Records excerpted from a collection
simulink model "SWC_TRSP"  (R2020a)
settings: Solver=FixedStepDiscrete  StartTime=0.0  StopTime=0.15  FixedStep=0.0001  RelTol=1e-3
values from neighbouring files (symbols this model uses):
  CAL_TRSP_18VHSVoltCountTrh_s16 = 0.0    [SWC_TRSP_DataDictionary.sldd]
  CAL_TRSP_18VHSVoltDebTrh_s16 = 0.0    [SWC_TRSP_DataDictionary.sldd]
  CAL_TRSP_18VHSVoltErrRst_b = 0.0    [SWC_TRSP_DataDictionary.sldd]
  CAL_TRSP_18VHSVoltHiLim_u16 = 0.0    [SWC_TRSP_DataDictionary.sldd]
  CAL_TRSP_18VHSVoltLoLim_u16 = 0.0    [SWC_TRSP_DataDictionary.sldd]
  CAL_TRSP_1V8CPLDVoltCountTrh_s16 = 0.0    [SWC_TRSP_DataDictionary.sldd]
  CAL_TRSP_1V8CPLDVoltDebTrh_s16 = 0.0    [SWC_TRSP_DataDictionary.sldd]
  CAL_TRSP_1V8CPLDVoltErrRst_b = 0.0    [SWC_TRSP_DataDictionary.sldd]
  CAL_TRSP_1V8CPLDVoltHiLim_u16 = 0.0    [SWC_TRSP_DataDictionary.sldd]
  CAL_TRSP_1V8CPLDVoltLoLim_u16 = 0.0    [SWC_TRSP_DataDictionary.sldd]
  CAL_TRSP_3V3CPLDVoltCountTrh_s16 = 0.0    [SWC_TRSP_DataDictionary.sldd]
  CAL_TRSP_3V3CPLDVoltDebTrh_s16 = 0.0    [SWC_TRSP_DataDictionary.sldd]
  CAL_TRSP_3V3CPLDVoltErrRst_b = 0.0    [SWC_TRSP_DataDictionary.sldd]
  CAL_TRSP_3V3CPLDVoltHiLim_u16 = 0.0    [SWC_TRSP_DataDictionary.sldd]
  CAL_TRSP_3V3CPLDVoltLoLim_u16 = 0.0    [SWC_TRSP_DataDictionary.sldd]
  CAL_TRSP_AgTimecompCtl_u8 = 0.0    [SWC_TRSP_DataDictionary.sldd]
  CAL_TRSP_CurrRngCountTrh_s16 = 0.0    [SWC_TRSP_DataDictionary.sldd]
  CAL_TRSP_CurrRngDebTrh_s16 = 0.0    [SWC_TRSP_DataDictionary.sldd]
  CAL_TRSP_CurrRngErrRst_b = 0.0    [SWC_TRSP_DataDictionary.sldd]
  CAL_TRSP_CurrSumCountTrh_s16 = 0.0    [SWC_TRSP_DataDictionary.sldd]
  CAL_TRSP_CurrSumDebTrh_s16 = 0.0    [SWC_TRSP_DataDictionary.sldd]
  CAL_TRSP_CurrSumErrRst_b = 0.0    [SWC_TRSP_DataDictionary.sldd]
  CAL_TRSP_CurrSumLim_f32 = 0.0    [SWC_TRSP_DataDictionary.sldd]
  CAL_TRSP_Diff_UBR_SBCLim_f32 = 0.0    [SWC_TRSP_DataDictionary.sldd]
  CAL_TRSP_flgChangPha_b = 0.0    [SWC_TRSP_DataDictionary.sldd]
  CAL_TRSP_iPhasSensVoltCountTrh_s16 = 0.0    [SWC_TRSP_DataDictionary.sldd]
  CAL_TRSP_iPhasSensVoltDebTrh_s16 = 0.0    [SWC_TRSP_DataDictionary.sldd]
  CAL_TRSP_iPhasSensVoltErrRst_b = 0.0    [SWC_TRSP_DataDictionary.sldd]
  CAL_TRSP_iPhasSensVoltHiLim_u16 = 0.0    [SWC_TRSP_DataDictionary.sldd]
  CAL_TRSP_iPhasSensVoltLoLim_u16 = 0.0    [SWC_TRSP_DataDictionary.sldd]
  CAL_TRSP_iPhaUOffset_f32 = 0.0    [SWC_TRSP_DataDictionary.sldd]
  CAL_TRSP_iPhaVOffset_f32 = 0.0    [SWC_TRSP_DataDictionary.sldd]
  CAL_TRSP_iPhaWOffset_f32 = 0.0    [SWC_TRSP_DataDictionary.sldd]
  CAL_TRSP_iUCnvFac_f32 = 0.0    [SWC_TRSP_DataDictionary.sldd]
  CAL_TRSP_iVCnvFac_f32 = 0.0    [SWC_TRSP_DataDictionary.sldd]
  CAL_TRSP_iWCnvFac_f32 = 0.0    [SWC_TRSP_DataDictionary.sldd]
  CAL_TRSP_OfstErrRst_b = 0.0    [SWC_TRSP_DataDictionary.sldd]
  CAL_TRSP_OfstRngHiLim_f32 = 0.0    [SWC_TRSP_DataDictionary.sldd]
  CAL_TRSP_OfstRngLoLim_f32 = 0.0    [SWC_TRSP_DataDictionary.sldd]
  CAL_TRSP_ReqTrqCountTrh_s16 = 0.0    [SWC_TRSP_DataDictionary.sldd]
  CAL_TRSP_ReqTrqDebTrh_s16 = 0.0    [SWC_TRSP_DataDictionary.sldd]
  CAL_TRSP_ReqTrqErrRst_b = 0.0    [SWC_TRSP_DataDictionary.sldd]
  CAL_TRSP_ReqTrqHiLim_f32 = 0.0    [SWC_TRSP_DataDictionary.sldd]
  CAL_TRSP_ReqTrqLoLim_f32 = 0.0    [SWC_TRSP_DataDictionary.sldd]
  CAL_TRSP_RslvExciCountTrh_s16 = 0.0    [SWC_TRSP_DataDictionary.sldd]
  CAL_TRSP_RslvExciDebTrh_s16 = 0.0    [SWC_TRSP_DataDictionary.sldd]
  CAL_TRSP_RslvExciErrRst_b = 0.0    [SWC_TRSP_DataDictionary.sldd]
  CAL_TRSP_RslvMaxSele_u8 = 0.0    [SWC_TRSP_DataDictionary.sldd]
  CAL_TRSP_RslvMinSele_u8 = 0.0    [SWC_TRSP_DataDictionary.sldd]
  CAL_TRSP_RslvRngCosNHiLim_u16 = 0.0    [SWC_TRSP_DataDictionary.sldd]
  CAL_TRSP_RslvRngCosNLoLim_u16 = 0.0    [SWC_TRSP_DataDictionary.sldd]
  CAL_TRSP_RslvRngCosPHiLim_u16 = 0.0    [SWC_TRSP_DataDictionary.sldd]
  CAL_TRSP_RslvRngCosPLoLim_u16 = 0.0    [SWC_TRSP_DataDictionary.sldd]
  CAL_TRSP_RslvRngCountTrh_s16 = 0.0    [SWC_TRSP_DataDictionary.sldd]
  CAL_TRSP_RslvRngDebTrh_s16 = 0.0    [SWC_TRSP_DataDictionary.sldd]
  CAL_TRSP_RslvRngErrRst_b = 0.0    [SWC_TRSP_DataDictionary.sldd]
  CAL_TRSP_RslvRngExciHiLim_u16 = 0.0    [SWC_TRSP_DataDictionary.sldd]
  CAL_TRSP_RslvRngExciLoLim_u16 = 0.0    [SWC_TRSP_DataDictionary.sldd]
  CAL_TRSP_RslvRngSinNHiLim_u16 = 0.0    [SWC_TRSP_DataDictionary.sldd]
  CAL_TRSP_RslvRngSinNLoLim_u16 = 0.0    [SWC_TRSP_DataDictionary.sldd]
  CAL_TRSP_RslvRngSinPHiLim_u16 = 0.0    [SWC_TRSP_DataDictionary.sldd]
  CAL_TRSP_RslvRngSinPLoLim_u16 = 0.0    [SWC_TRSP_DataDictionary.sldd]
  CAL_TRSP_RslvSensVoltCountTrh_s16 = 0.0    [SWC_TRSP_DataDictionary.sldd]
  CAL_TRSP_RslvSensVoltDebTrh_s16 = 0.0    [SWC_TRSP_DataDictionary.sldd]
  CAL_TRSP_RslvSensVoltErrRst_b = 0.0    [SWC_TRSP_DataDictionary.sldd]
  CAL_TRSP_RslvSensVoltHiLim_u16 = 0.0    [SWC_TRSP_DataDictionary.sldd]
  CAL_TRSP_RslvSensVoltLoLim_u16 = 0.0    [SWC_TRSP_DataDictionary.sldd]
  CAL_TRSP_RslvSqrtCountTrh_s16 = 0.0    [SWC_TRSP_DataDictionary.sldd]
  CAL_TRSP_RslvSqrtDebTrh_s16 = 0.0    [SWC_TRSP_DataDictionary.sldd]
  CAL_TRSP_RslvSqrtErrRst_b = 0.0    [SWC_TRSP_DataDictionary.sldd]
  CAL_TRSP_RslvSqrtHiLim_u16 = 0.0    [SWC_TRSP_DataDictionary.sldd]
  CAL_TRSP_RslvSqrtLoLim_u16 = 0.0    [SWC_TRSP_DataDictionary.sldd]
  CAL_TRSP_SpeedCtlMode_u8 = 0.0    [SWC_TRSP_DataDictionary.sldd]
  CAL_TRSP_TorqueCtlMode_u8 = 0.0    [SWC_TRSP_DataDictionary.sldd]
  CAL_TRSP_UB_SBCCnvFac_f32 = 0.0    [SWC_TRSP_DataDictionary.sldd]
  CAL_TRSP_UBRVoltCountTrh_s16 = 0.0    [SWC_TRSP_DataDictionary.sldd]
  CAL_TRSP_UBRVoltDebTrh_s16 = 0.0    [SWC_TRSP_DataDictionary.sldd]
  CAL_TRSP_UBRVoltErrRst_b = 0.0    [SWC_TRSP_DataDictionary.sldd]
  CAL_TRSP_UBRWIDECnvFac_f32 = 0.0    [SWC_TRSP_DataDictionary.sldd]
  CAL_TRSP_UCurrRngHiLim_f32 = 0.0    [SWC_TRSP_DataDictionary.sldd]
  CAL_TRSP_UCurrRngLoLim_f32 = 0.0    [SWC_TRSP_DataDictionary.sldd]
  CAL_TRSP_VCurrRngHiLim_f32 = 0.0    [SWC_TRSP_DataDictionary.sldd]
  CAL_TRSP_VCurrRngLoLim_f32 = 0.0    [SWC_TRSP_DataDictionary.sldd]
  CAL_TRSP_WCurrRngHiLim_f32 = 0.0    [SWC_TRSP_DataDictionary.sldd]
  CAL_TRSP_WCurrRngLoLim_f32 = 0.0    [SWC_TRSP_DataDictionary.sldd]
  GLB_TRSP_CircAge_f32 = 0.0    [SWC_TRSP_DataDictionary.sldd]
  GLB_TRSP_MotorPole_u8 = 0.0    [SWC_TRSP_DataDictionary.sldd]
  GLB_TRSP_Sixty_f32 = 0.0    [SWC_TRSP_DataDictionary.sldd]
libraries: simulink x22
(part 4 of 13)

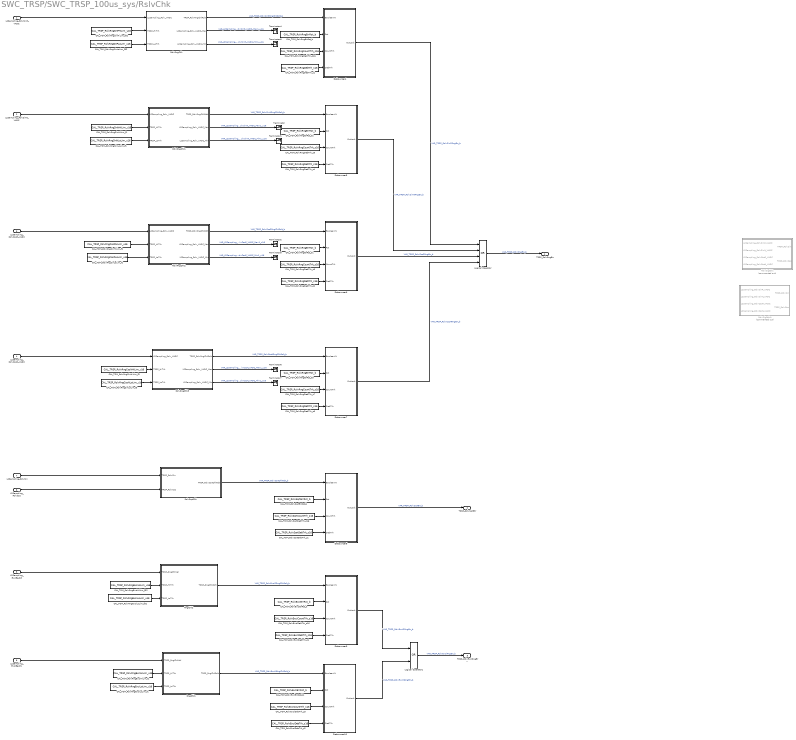
== system SWC_TRSP/SWC_TRSP_100us_sys/RslvChk ==
  L2Sampling_RslvSinP_VADC : Inport
  L2Sampling_RslvSinN_VADC : Inport  Port=2
  L2Sampling_RslvCosP_VADC : Inport  Port=3
  L2Sampling_RslvCosN_VADC : Inport  Port=4
  L2Sampling_ExciBackP : Inport  Port=5
  L2Sampling_ExciBackN : Inport  Port=6
  L2Sampling_RslvSin : Inport  Port=7
  L2Sampling_RslvCos : Inport  Port=8
  CAL_TOM_RslvExciDebTrh_s1 : Constant  Value=CAL_TRSP_RslvExciDebTrh_s16  OutDataTypeStr=int16
  CAL_TOM_RslvExciDebTrh_s16 : Constant  Value=CAL_TRSP_RslvExciCountTrh_s16  OutDataTypeStr=int16
  CAL_TOM_RslvExciDebTrh_s2 : Constant  Value=CAL_TRSP_RslvExciDebTrh_s16  OutDataTypeStr=int16
  CAL_TOM_RslvExciDebTrh_s3 : Constant  Value=CAL_TRSP_RslvExciCountTrh_s16  OutDataTypeStr=int16
  CAL_TOM_RslvExciErrRst_b : Constant  Value=CAL_TRSP_RslvExciErrRst_b  OutDataTypeStr=boolean
  CAL_TOM_RslvExciErrRst_b1 : Constant  Value=CAL_TRSP_RslvExciErrRst_b  OutDataTypeStr=boolean
  CAL_TOM_RslvRngDebTrh_s{1..2,4,6} (4 alike) : Constant  Value=CAL_TRSP_RslvRngDebTrh_s16  OutDataTypeStr=int16
  CAL_TOM_RslvRngDebTrh_s{3,5,7,16} (4 alike) : Constant  Value=CAL_TRSP_RslvRngCountTrh_s16  OutDataTypeStr=int16
  CAL_TOM_RslvRngErrRst_b{,1..3} (4 alike) : Constant  Value=CAL_TRSP_RslvRngErrRst_b  OutDataTypeStr=boolean
  CAL_TOM_RslvRngExciHiLim_f1 : Constant  Value=CAL_TRSP_RslvRngExciHiLim_u16
  CAL_TOM_RslvRngExciHiLim_f32 : Constant  Value=CAL_TRSP_RslvRngExciHiLim_u16
  CAL_TOM_RslvRngExciLoLim_f1 : Constant  Value=CAL_TRSP_RslvRngExciLoLim_u16
  CAL_TOM_RslvRngExciLoLim_f32 : Constant  Value=CAL_TRSP_RslvRngExciLoLim_u16
  CAL_TOM_RslvRngSinHiLim_f1 : Constant  Value=CAL_TRSP_RslvRngSinNHiLim_u16
  CAL_TOM_RslvRngSinHiLim_f2 : Constant  Value=CAL_TRSP_RslvRngCosPHiLim_u16
  CAL_TOM_RslvRngSinHiLim_f3 : Constant  Value=CAL_TRSP_RslvRngCosNHiLim_u16
  CAL_TOM_RslvRngSinHiLim_f32 : Constant  Value=CAL_TRSP_RslvRngSinPHiLim_u16
  CAL_TOM_RslvRngSinLoLim_f1 : Constant  Value=CAL_TRSP_RslvRngSinNLoLim_u16
  CAL_TOM_RslvRngSinLoLim_f2 : Constant  Value=CAL_TRSP_RslvRngCosPLoLim_u16
  CAL_TOM_RslvRngSinLoLim_f3 : Constant  Value=CAL_TRSP_RslvRngCosNLoLim_u16
  CAL_TOM_RslvRngSinLoLim_f32 : Constant  Value=CAL_TRSP_RslvRngSinPLoLim_u16
  CAL_TOM_RslvSqrtDebTrh_s1 : Constant  Value=CAL_TRSP_RslvSqrtDebTrh_s16  OutDataTypeStr=int16
  CAL_TOM_RslvSqrtDebTrh_s16 : Constant  Value=CAL_TRSP_RslvSqrtCountTrh_s16  OutDataTypeStr=int16
  CAL_TOM_RslvSqrtErrRst_b : Constant  Value=CAL_TRSP_RslvSqrtErrRst_b  OutDataTypeStr=boolean
  Debouncer10 : Subsystem  TreatAsAtomicUnit=on
  Debouncer4 : Subsystem  TreatAsAtomicUnit=on
  Debouncer5 : Subsystem  TreatAsAtomicUnit=on
  Debouncer6 : Subsystem  TreatAsAtomicUnit=on
  Debouncer7 : Subsystem  TreatAsAtomicUnit=on
  Debouncer8 : Subsystem  TreatAsAtomicUnit=on
  Debouncer9 : Subsystem  TreatAsAtomicUnit=on
  Logical Operator : Logic  Operator=OR  Inputs=4  AllPortsSameDT=off  OutDataTypeStr=boolean
  Logical Operator1 : Logic  Operator=OR  AllPortsSameDT=off  OutDataTypeStr=boolean
  RngChk1 : Subsystem  TreatAsAtomicUnit=on
  RngChk2 : Subsystem  TreatAsAtomicUnit=on
  RslvRngChk : Subsystem  TreatAsAtomicUnit=on  RTWFcnName=SWC_TRSP_RslvRngChkChk
  RslvRngChk1 : Subsystem  TreatAsAtomicUnit=on  RTWFcnName=SWC_TRSP_RslvRngChkChk
  RslvRngChk2 : Subsystem  TreatAsAtomicUnit=on  RTWFcnName=SWC_TRSP_RslvRngChkChk
  RslvRngChk3 : Subsystem  TreatAsAtomicUnit=on  RTWFcnName=SWC_TRSP_RslvRngChkChk
  RslvSigCalc : Subsystem  Commented=on  TreatAsAtomicUnit=on
      settings: RTWSystemCode=Nonreusable function
  RslvSigCalc1 : Subsystem  Commented=on  TreatAsAtomicUnit=on
      settings: RTWSystemCode=Nonreusable function
  RslvSqrtChk : Subsystem  TreatAsAtomicUnit=on
      settings: RTWSystemCode=Nonreusable function
  Terminator{,1..7} (8 alike) : Terminator
  TRSP_RslvRngErr : Outport
  TRSP_RslvSqrtErr : Outport  Port=2
  TRSP_RslvExciRngErr : Outport  Port=3
  wires:
  CAL_TOM_RslvExciDebTrh_s16/1 -> Debouncer9/3(CountTrh)
  CAL_TOM_RslvExciDebTrh_s1/1 -> Debouncer9/4(DebTrh)
  RngChk2/1(TRSP_RngChkRslt) -> Debouncer9/1(BooleanIN)  "VAR_TRSP_RslvExciPRngChkRslt_b"
  CAL_TOM_RslvExciErrRst_b/1 -> Debouncer9/2(Rst)
  CAL_TOM_RslvSqrtDebTrh_s1/1 -> Debouncer8/4(DebTrh)
  RslvSqrtChk/1(TRSP_RslvSqrtChkRslt) -> Debouncer8/1(BooleanIN)  "VAR_TRSP_RslvSqrtChkRslt_b"
  CAL_TOM_RslvSqrtDebTrh_s16/1 -> Debouncer8/3(CountTrh)
  CAL_TOM_RslvSqrtErrRst_b/1 -> Debouncer8/2(Rst)
  CAL_TOM_RslvRngErrRst_b/1 -> Debouncer4/2(Rst)
  CAL_TOM_RslvRngDebTrh_s1/1 -> Debouncer4/4(DebTrh)
  CAL_TOM_RslvRngDebTrh_s16/1 -> Debouncer4/3(CountTrh)
  RslvRngChk/1(TRSP_RslvRngChkRslt) -> Debouncer4/1(BooleanIN)  "VAR_TRSP_RslvSinPRngChkRslt_b"
  L2Sampling_ExciBackN/1 -> RngChk1/1(TRSP_RngChkVal)
  Debouncer8/1(OutLock) -> TRSP_RslvSqrtErr/1  "VAR_TRSP_RslvSqrtErr_b"
  Debouncer4/1(OutLock) -> Logical Operator/1  "VAR_TRSP_RslvSinPRngErr_b"
  L2Sampling_RslvCosP_VADC/1 -> RslvRngChk2/1(L2Sampling_Rslv_VADC)
  L2Sampling_RslvSinP_VADC/1 -> RslvRngChk/1(L2Sampling_Rslv_VADC)
  Logical Operator1/1 -> TRSP_RslvExciRngErr/1  "VAR_TRSP_RslvExciRngErr_b"
  L2Sampling_ExciBackP/1 -> RngChk2/1(TRSP_RngChkVal)
  Debouncer6/1(OutLock) -> Logical Operator/3  "VAR_TRSP_RslvCosPRngErr_b"
  RslvRngChk2/1(TRSP_RslvRngChkRslt) -> Debouncer6/1(BooleanIN)  "VAR_TRSP_RslvCosPRngChkRslt_b"
  CAL_TOM_RslvRngDebTrh_s3/1 -> Debouncer6/3(CountTrh)
  CAL_TOM_RslvRngDebTrh_s2/1 -> Debouncer6/4(DebTrh)
  CAL_TOM_RslvRngErrRst_b1/1 -> Debouncer6/2(Rst)
  Logical Operator/1 -> TRSP_RslvRngErr/1  "VAR_TRSP_RslvRngErr_b"
  L2Sampling_RslvSinN_VADC/1 -> RslvRngChk1/1(L2Sampling_Rslv_VADC)
  RslvRngChk1/1(TRSP_RslvRngChkRslt) -> Debouncer5/1(BooleanIN)  "VAR_TRSP_RslvSinNRngChkRslt_b"
  CAL_TOM_RslvRngDebTrh_s5/1 -> Debouncer5/3(CountTrh)
  CAL_TOM_RslvRngDebTrh_s4/1 -> Debouncer5/4(DebTrh)
  CAL_TOM_RslvRngErrRst_b2/1 -> Debouncer5/2(Rst)
  CAL_TOM_RslvRngErrRst_b3/1 -> Debouncer7/2(Rst)
  CAL_TOM_RslvRngDebTrh_s6/1 -> Debouncer7/4(DebTrh)
  CAL_TOM_RslvRngDebTrh_s7/1 -> Debouncer7/3(CountTrh)
  RslvRngChk3/1(TRSP_RslvRngChkRslt) -> Debouncer7/1(BooleanIN)  "VAR_TRSP_RslvCosNRngChkRslt_b"
  Debouncer7/1(OutLock) -> Logical Operator/4  "VAR_TRSP_RslvCosNRngErr_b"
  Debouncer5/1(OutLock) -> Logical Operator/2  "VAR_TRSP_RslvSinNRngErr_b"
  CAL_TOM_RslvExciErrRst_b1/1 -> Debouncer10/2(Rst)
  CAL_TOM_RslvExciDebTrh_s2/1 -> Debouncer10/4(DebTrh)
  CAL_TOM_RslvExciDebTrh_s3/1 -> Debouncer10/3(CountTrh)
  RngChk1/1(TRSP_RngChkRslt) -> Debouncer10/1(BooleanIN)  "VAR_TRSP_RslvExciNRngChkRslt_b"
  Debouncer9/1(OutLock) -> Logical Operator1/1  "VAR_TRSP_RslvExciPRngErr_b"
  Debouncer10/1(OutLock) -> Logical Operator1/2  "VAR_TRSP_RslvExciNRngErr_b"
  CAL_TOM_RslvRngExciHiLim_f32/1 -> RngChk2/2(TRSP_HiTrh)
  CAL_TOM_RslvRngExciLoLim_f32/1 -> RngChk2/3(TRSP_LoTrh)
  CAL_TOM_RslvRngExciLoLim_f1/1 -> RngChk1/3(TRSP_LoTrh)
  CAL_TOM_RslvRngExciHiLim_f1/1 -> RngChk1/2(TRSP_HiTrh)
  CAL_TOM_RslvRngSinHiLim_f32/1 -> RslvRngChk/2(TRSP_HiTrh)
  CAL_TOM_RslvRngSinLoLim_f32/1 -> RslvRngChk/3(TRSP_LoTrh)
  CAL_TOM_RslvRngSinHiLim_f1/1 -> RslvRngChk1/2(TRSP_HiTrh)
  CAL_TOM_RslvRngSinLoLim_f1/1 -> RslvRngChk1/3(TRSP_LoTrh)
  CAL_TOM_RslvRngSinLoLim_f2/1 -> RslvRngChk2/3(TRSP_LoTrh)
  CAL_TOM_RslvRngSinHiLim_f2/1 -> RslvRngChk2/2(TRSP_HiTrh)
  CAL_TOM_RslvRngSinHiLim_f3/1 -> RslvRngChk3/2(TRSP_HiTrh)
  CAL_TOM_RslvRngSinLoLim_f3/1 -> RslvRngChk3/3(TRSP_LoTrh)
  L2Sampling_RslvCosN_VADC/1 -> RslvRngChk3/1(L2Sampling_Rslv_VADC)
  RslvRngChk1/2(L2Sampling_Rslv_VADC_Max) -> Terminator/1  "VAR_L2Sampling_RslvSinN_VADC_Max1_u16"
  RslvRngChk1/3(L2Sampling_Rslv_VADC_Min) -> Terminator1/1  "VAR_L2Sampling_RslvSinN_VADC_Min1_u16"
  RslvRngChk2/3(L2Sampling_Rslv_VADC_Min) -> Terminator3/1  "VAR_L2Sampling_RslvCosP_VADC_Min1_u16"
  RslvRngChk2/2(L2Sampling_Rslv_VADC_Max) -> Terminator2/1  "VAR_L2Sampling_RslvCosP_VADC_Max1_u16"
  RslvRngChk/3(L2Sampling_Rslv_VADC_Min) -> Terminator5/1  "VAR_L2Sampling_RslvSinP_VADC_Min1_u16"
  RslvRngChk/2(L2Sampling_Rslv_VADC_Max) -> Terminator4/1  "VAR_L2Sampling_RslvSinP_VADC_Max1_u16"
  RslvRngChk3/2(L2Sampling_Rslv_VADC_Max) -> Terminator6/1  "VAR_L2Sampling_RslvCosN_VADC_Max1_u16"
  RslvRngChk3/3(L2Sampling_Rslv_VADC_Min) -> Terminator7/1  "VAR_L2Sampling_RslvCosN_VADC_Min1_u16"
  L2Sampling_RslvSin/1 -> RslvSqrtChk/1(TRSP_RslvSin)
  L2Sampling_RslvCos/1 -> RslvSqrtChk/2(TRSP_RslvCos)

== system SWC_TRSP/SWC_TRSP_100us_sys/RslvSensVoltChk ==
  L2Sampling_Exci18VLS_MON : Inport
  CAL_TOM_CurrRngDebTrh_s1 : Constant  Value=CAL_TRSP_RslvSensVoltDebTrh_s16  OutDataTypeStr=int16
  CAL_TOM_CurrRngDebTrh_s16 : Constant  Value=CAL_TRSP_RslvSensVoltCountTrh_s16  OutDataTypeStr=int16
  CAL_TOM_CurrRngErrRst_b1 : Constant  Value=CAL_TRSP_RslvSensVoltErrRst_b  OutDataTypeStr=boolean
  CAL_TOM_CurrRngHiLim_f32 : Constant  Value=CAL_TRSP_RslvSensVoltHiLim_u16
  CAL_TOM_CurrRngLoLim_f32 : Constant  Value=CAL_TRSP_RslvSensVoltLoLim_u16
  Debouncer11 : Subsystem  TreatAsAtomicUnit=on
  RngChk : Subsystem  TreatAsAtomicUnit=on
  TRSP_RslvSensVoltRngErr : Outport
  wires:
  CAL_TOM_CurrRngErrRst_b1/1 -> Debouncer11/2(Rst)
  CAL_TOM_CurrRngDebTrh_s16/1 -> Debouncer11/3(CountTrh)
  CAL_TOM_CurrRngDebTrh_s1/1 -> Debouncer11/4(DebTrh)
  RngChk/1(TRSP_RngChkRslt) -> Debouncer11/1(BooleanIN)  "VAR_TRSP_RslvSensVoltRngChkRslt_b"
  L2Sampling_Exci18VLS_MON/1 -> RngChk/1(TRSP_RngChkVal)
  Debouncer11/1(OutLock) -> TRSP_RslvSensVoltRngErr/1  "VAR_TRSP_RslvSensVoltRngErr_b"
  CAL_TOM_CurrRngLoLim_f32/1 -> RngChk/3(TRSP_LoTrh)
  CAL_TOM_CurrRngHiLim_f32/1 -> RngChk/2(TRSP_HiTrh)

Requirement. In the entries above, find the line containing "GLB_TRSP_MotorPole_u8 = 0.0" and the line containing "L2Sampling_ExciBackP : Inport"; give again exactly those two lines and every line between them, minus the pictures.

Written solution.
  GLB_TRSP_MotorPole_u8 = 0.0    [SWC_TRSP_DataDictionary.sldd]
  GLB_TRSP_Sixty_f32 = 0.0    [SWC_TRSP_DataDictionary.sldd]
libraries: simulink x22
(part 4 of 13)

== system SWC_TRSP/SWC_TRSP_100us_sys/RslvChk ==
  L2Sampling_RslvSinP_VADC : Inport
  L2Sampling_RslvSinN_VADC : Inport  Port=2
  L2Sampling_RslvCosP_VADC : Inport  Port=3
  L2Sampling_RslvCosN_VADC : Inport  Port=4
  L2Sampling_ExciBackP : Inport  Port=5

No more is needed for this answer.